■ Records excerpted from a collection ■
————

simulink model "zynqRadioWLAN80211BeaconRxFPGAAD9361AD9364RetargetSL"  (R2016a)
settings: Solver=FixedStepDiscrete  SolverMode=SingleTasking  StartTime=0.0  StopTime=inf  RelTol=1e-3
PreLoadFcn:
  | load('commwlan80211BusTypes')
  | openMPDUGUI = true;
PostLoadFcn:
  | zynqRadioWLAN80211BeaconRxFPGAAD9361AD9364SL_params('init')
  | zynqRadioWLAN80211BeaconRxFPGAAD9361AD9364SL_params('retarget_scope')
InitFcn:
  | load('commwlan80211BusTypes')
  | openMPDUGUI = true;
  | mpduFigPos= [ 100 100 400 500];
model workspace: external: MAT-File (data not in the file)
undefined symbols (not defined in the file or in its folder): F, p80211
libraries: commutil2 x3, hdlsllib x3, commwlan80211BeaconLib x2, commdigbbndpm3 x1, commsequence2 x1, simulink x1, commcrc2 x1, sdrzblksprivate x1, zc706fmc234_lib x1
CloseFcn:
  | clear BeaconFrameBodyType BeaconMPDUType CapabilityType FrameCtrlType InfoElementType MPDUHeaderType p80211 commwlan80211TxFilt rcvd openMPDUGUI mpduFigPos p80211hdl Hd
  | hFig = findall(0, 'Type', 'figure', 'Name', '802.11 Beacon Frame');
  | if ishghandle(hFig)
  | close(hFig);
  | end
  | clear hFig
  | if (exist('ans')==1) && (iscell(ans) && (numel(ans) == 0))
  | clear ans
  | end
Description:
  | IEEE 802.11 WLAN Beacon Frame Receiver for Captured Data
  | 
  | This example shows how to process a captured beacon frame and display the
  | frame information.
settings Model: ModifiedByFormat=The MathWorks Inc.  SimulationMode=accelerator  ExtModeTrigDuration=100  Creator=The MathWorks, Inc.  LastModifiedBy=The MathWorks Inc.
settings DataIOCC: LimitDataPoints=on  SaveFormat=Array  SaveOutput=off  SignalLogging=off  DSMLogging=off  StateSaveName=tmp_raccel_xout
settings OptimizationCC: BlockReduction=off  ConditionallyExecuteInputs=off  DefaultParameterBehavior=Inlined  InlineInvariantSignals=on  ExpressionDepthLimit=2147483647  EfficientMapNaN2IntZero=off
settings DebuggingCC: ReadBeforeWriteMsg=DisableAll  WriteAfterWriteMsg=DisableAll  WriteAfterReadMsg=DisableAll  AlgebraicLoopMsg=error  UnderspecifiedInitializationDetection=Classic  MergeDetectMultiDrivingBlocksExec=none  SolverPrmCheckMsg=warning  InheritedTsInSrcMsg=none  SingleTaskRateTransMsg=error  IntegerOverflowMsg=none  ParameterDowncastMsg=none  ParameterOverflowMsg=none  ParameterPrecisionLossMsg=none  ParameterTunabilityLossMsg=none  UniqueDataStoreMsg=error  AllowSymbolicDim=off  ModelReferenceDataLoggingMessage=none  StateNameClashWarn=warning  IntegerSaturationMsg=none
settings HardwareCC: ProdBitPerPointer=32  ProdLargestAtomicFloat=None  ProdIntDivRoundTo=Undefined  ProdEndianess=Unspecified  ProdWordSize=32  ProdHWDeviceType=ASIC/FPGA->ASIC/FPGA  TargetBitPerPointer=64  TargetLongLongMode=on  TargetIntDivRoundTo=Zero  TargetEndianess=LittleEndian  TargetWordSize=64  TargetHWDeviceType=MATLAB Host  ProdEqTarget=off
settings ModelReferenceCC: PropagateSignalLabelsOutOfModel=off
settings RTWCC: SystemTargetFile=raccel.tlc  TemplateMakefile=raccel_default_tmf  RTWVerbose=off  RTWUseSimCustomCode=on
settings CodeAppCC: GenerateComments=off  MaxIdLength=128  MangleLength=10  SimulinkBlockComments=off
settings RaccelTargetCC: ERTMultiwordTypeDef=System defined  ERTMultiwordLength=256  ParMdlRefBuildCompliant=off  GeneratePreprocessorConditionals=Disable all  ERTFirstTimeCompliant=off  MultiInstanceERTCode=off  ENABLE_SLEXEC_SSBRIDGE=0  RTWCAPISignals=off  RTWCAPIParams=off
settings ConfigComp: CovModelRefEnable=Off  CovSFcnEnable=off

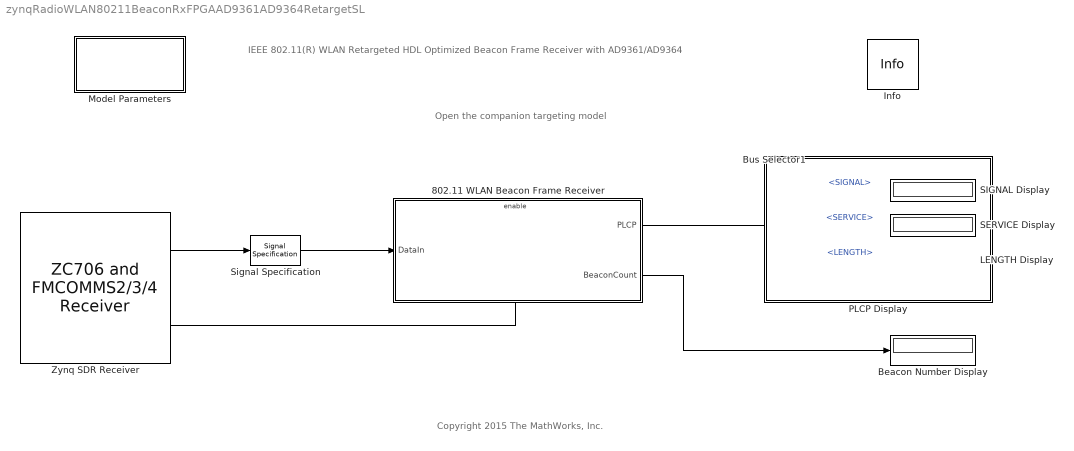
== system zynqRadioWLAN80211BeaconRxFPGAAD9361AD9364RetargetSL ==
  note: IEEE 802.11(R) WLAN
      | Retargeted HDL Optimized Beacon Frame Receiver with AD9361/AD9364
  note: Copyright 2015 The MathWorks, Inc.
  note: Open the companion targeting model
  802.11 WLAN Beacon Frame Receiver : Subsystem
  Beacon Number Display : Display
  Bus Selector1 : BusSelector  OutputSignals=SIGNAL,SERVICE,LENGTH
  Info : sdrzblksprivate/Info  SystemSampleTime=-1
  LENGTH Display : Display
  Model Parameters : Subsystem  mask(Model Parameters){chanNum=1, rfGain=30, rfFreqOffset=0}
      mask prompts: chanNum "Channel number"; rfGain "RF board gain:"; rfFreqOffset "RF center frequency offset:"
      mask help:
      | Choose 802.11 receiver parameters.
      |
      | You can select channel number for the 802.11 signals. You can set the AGC parameters and samples per chip used in the receiver. You can also set the synchronization threshold value to determine the correlation threshold used to declare the presence of an 802.11 packet.
      mask init:
      | zynqRadioWLAN80211BeaconRxFPGAAD9361AD9364SL_params('init', ...
      |     'ChannelNumber',   chanNum, ...
      |     'RadioGain',       rfGain, ...
      |     'RadioFreqOffset', rfFreqOffset ...
      |     );
      mask TypeOptions chanNum: 1 | 2 | 3 | 4 | 5 | 6 | 7 | 8 | 9 | 10 | 11
      mask Display: disp('Model\nParameters')
  PLCP Display : Subsystem
      mask Display: disp('')
  SERVICE Display : Display
      settings: Format=hex (Stored Integer)
  SIGNAL Display : Display
      settings: Format=hex (Stored Integer)
  Signal Specification : SignalSpecification  SampleTime=p80211.RadioFrameLength/p80211.RadioBasebandRate
  Zynq SDR Receiver : zc706fmc234_lib/ZC706 and  FMCOMMS2//3//4  Receiver  IPAddress=192.168.3.2  CenterFrequencySource=Dialog  CenterFrequency=2.412e9+(p80211.ChannelNumber-1)*5e6+p80211.RadioFreqOffset  GainSource=Dialog  Gain=p80211.RadioGain  ChannelMapping=1  BasebandSampleRate=p80211.RadioBasebandRate  EnableBurstMode=on  NumFramesInBurst=p80211.RadioNumFramesInBurst  OutputDataType=int16  SamplesPerFrame=p80211.RadioFrameLength  LostSamplesOutputPort=off  RSSIOutputPort=off  DMATimeoutValue=1  blockMode=Normal  EnableQuadratureTracking=on  EnableRFDCTracking=on  EnableBasebandDCTracking=on  BypassUserLogic=off  ShowAdvancedProperties=on  ShowInternalProperties=off  subDeviceList=zynqReceiver  sdrExecutionMode=HW  dataUDPPort=-1  ctrlUDPPort=-1  SourceSelect=RF data  SourceConfiguration1=1023  FIRCoefficientSize=[ 128; 128 ]  FIRCoefficients=[ 111, -87, 147, -127, -18, -286, -312, -555, -601, -722, -642, -555, -303, -66, 221, 393, 488, 403, 219, -74, -343, -550, -582, -450, -146, 221, 569, 759, 735, 463, 20, -487, -885, -1048, -883, -418, 243, 897, 1340, 1394, 1002, 228, -715, -1549, -1980, -1819, -1028, 217, 1583, 2635, 2980, 2377, 853, -1275, -3435, -4926, -5080, -3454, 40, 5065, 10903, 16581, 21085, 23573, 23573, 21085, 16581, 10903, 5065, 40, -3454, -5080, -4926, -3435, -1275, 853, 2377, 2980, 2635, 1583, 217, -1028, -1819, -1980, -1549, -715, 228, 1002, 1394, 1340, 897, 243, -418, -883, -1048, -885, -487, 20, 463, 735, 759, 569, 221, -146, -450, -582, -550, -343, -74, 219, 403, 488, 393, 221, -66, -303, -555, -642, -722, -601, -555, -312, -286, -18, -127, 147, -87, 111; 382, -200, 711, -41, 645, 36, 346, -194, -119, -543, -472, -646, -404, -312, 45, 197, 413, 346, 241, -93, -373, -680, -755, -689, -356, 51, 515, 795, 870, 609, 136, -488, -1009, -1303, -1191, -712, 69, 885, 1516, 1692, 1336, 468, -662, -1740, -2378, -2329, -1494, -55, 1620, 2995, 3584, 3045, 1368, -1121, -3755, -5708, -6156, -4542, -710, 4969, 11669, 18243, 23486, 26391, 26391, 23486, 18243, 11669, 4969, -710, -4542, -6156, -5708, -3755, -1121, 1368, 3045, 3584, 2995, 1620, -55, -1494, -2329, -2378, -1740, -662, 468, 1336, 1692, 1516, 885, 69, -712, -1191, -1303, -1009, -488, 136, 609, 870, 795, 515, 51, -356, -689, -755, -680, -373, -93, 241, 346, 413, 197, 45, -312, -404, -646, -472, -543, -119, -194, 346, 36, 645, -41, 711, -200, 382 ]  FIRGain=[ 0; -12 ]  FIRDecimInterpFactor=[ 4; 4 ]  AnalogFilterCutoff=[ 2560000; 2560000 ]  FilterPathRates=[ 737280000, 184320000, 61440000, 30720000, 15360000, 3840000; 737280000, 184320000, 61440000, 30720000, 15360000, 3840000 ]  FilterDesignTypeForTx=DefaultFilterFromOther  FilterDesignTypeForRx=DefaultFilter  BISTLoopbackConfig=No Loopback  BISTPRBSMode=PRBS Disable  BISTToneMode=Tone Disable  BISTToneFrequency=F/32  BISTToneLevel=-6  BISTChannelMask=0  DataIsComplex=on  SimulateUsing=Code generation
  wires:
  802.11 WLAN Beacon Frame Receiver/1(PLCP) -> Bus Selector1/1
  Bus Selector1/3 -> LENGTH Display/1  "<LENGTH>"
  Bus Selector1/1 -> SIGNAL Display/1  "<SIGNAL>"
  Bus Selector1/2 -> SERVICE Display/1  "<SERVICE>"
  Zynq SDR Receiver/1 -> Signal Specification/1
  Zynq SDR Receiver/2 -> 802.11 WLAN Beacon Frame Receiver/Enable
  Signal Specification/1 -> 802.11 WLAN Beacon Frame Receiver/1(DataIn)
  802.11 WLAN Beacon Frame Receiver/2(BeaconCount) -> Beacon Number Display/1

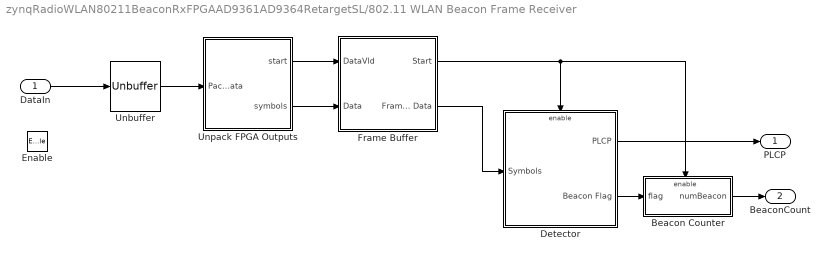
== system zynqRadioWLAN80211BeaconRxFPGAAD9361AD9364RetargetSL/802.11 WLAN Beacon Frame Receiver ==
  DataIn : Inport
  Enable : EnablePort
  Beacon Counter : Subsystem
  Detector : Subsystem
      settings: CloseFcn=clear BeaconFrameBodyType rcvd
  Frame Buffer : Subsystem
  Unbuffer : Unbuffer  SampleBasedProcessing=Same as frame based
  Unpack FPGA Outputs : Subsystem
  PLCP : Outport
  BeaconCount : Outport  Port=2
  wires:
  Frame Buffer/1(Start) -> Detector/Enable, Beacon Counter/Enable
  Frame Buffer/2(Framed Data) -> Detector/1(Symbols)
  Beacon Counter/1(numBeacon) -> BeaconCount/1
  DataIn/1 -> Unbuffer/1
  Detector/1(PLCP) -> PLCP/1
  Detector/2(Beacon Flag) -> Beacon Counter/1(flag)
  Unbuffer/1 -> Unpack FPGA Outputs/1(PackedData)
  Unpack FPGA Outputs/1(start) -> Frame Buffer/1(DataVld)
  Unpack FPGA Outputs/2(symbols) -> Frame Buffer/2(Data)

== system zynqRadioWLAN80211BeaconRxFPGAAD9361AD9364RetargetSL/Model Parameters ==

== system zynqRadioWLAN80211BeaconRxFPGAAD9361AD9364RetargetSL/PLCP Display ==

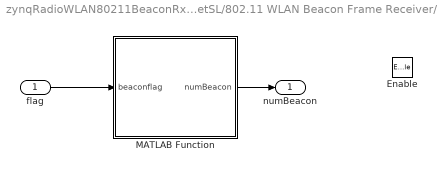
== system zynqRadioWLAN80211BeaconRxFPGAAD9361AD9364RetargetSL/802.11 WLAN Beacon Frame Receiver/Beacon Counter ==
  flag : Inport
  Enable : EnablePort
  MATLAB Function : MATLAB Function  TreatAsAtomicUnit=on
  numBeacon : Outport
  wires:
  MATLAB Function/1(numBeacon) -> numBeacon/1
  flag/1 -> MATLAB Function/1(beaconflag)

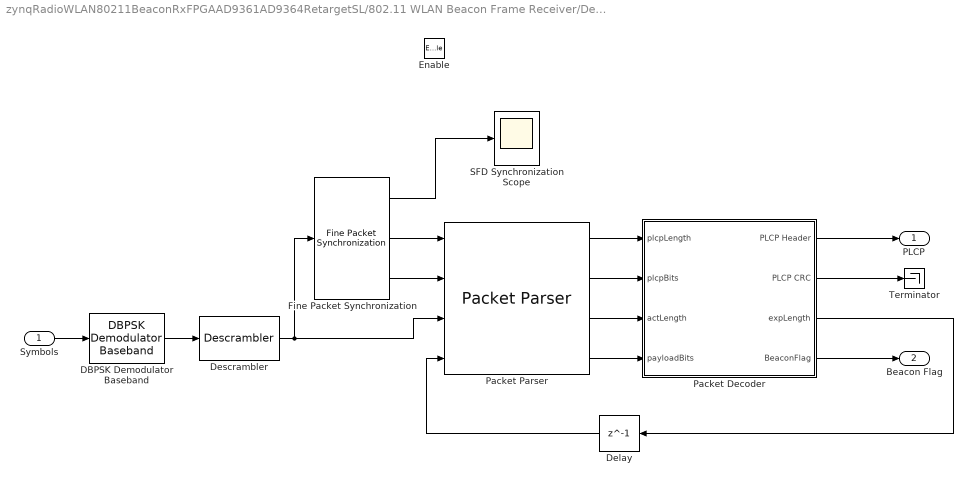
== system zynqRadioWLAN80211BeaconRxFPGAAD9361AD9364RetargetSL/802.11 WLAN Beacon Frame Receiver/Detector ==
  Symbols : Inport
  Enable : EnablePort  StatesWhenEnabling=reset  PropagateVarSize=During execution
  DBPSK Demodulator Baseband : commdigbbndpm3/DBPSK Demodulator Baseband  Ph=0  outDtype=uint32
  Delay : Delay  DelayLength=1  InitialCondition=0  InputProcessing=Columns as channels (frame based)
  Descrambler : commsequence2/Descrambler  M=2  poly=p80211.ScramblerPolynomial  iniStaSource=Dialog Parameter  ini_sta=[0 0 0 0 0 0 0]  resetViaPort=off
  Fine Packet Synchronization : commwlan80211BeaconLib/Fine Packet Synchronization
  Packet Decoder : Subsystem
  Packet Parser : commwlan80211BeaconLib/Packet Parser
  SFD Synchronization Scope : Scope
      settings: Priority=10
  Terminator : Terminator
  PLCP : Outport
  Beacon Flag : Outport  Port=2  InitialOutput=1
  wires:
  Fine Packet Synchronization/1 -> SFD Synchronization Scope/1
  DBPSK Demodulator Baseband/1 -> Descrambler/1
  Symbols/1 -> DBPSK Demodulator Baseband/1
  Descrambler/1 -> Fine Packet Synchronization/1, Packet Parser/3
  Fine Packet Synchronization/2 -> Packet Parser/1
  Fine Packet Synchronization/3 -> Packet Parser/2
  Delay/1 -> Packet Parser/4
  Packet Parser/2 -> Packet Decoder/2(plcpBits)
  Packet Parser/3 -> Packet Decoder/3(actLength)
  Packet Parser/4 -> Packet Decoder/4(payloadBits)
  Packet Decoder/1(PLCP Header) -> PLCP/1
  Packet Parser/1 -> Packet Decoder/1(plcpLength)
  Packet Decoder/2(PLCP CRC) -> Terminator/1
  Packet Decoder/3(expLength) -> Delay/1
  Packet Decoder/4(BeaconFlag) -> Beacon Flag/1

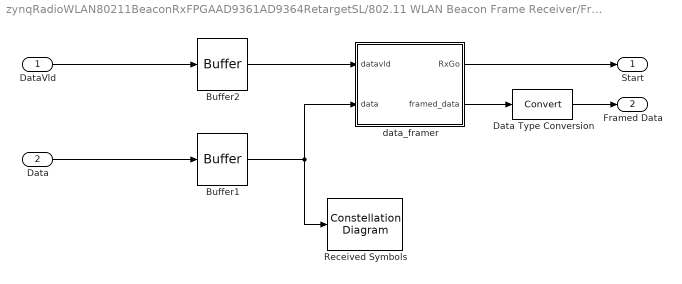
== system zynqRadioWLAN80211BeaconRxFPGAAD9361AD9364RetargetSL/802.11 WLAN Beacon Frame Receiver/Frame Buffer ==
  DataVld : Inport
  Data : Inport  Port=2
  Buffer1 : Buffer  N=128  TreatMby1Signals=One channel  OutputFrames=off
  Buffer2 : Buffer  N=128  TreatMby1Signals=One channel  OutputFrames=off
  Data Type Conversion : DataTypeConversion
  Received Symbols : ConstellationDiagram  Tag=ScatterPlot  Priority=2
  data_framer : MATLAB Function  TreatAsAtomicUnit=on
  Start : Outport
  Framed Data : Outport  Port=2
  wires:
  Data Type Conversion/1 -> Framed Data/1
  data_framer/2(framed_data) -> Data Type Conversion/1
  data_framer/1(RxGo) -> Start/1
  Buffer1/1 -> data_framer/2(data), Received Symbols/1
  DataVld/1 -> Buffer2/1
  Data/1 -> Buffer1/1
  Buffer2/1 -> data_framer/1(datavld)

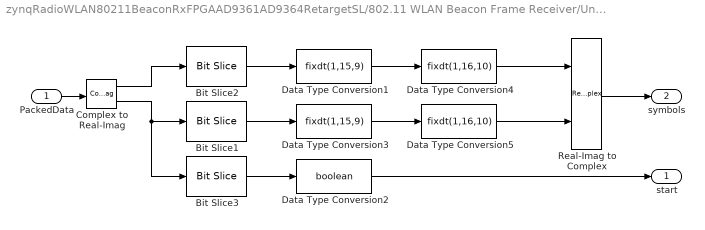
== system zynqRadioWLAN80211BeaconRxFPGAAD9361AD9364RetargetSL/802.11 WLAN Beacon Frame Receiver/Unpack FPGA Outputs ==
  PackedData : Inport
  Bit Slice1 : hdlsllib/HDL Operations/Bit Slice  lidx=15  ridx=1
  Bit Slice2 : hdlsllib/HDL Operations/Bit Slice  lidx=15  ridx=1
  Bit Slice3 : hdlsllib/HDL Operations/Bit Slice  lidx=0  ridx=0
  Complex to Real-Imag : ComplexToRealImag
  Data Type Conversion1 : DataTypeConversion  OutDataTypeStr=fixdt(1,15,9)  ConvertRealWorld=Stored Integer (SI)
  Data Type Conversion2 : DataTypeConversion  OutDataTypeStr=boolean
  Data Type Conversion3 : DataTypeConversion  OutDataTypeStr=fixdt(1,15,9)  ConvertRealWorld=Stored Integer (SI)
  Data Type Conversion4 : DataTypeConversion  OutDataTypeStr=fixdt(1,16,10)
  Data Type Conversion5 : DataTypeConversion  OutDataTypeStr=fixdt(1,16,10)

————

■ Task directions ■
What number of lines in the records hold the word "OutDataTypeStr"? Reply with that number alone.

■ Answer box ■
5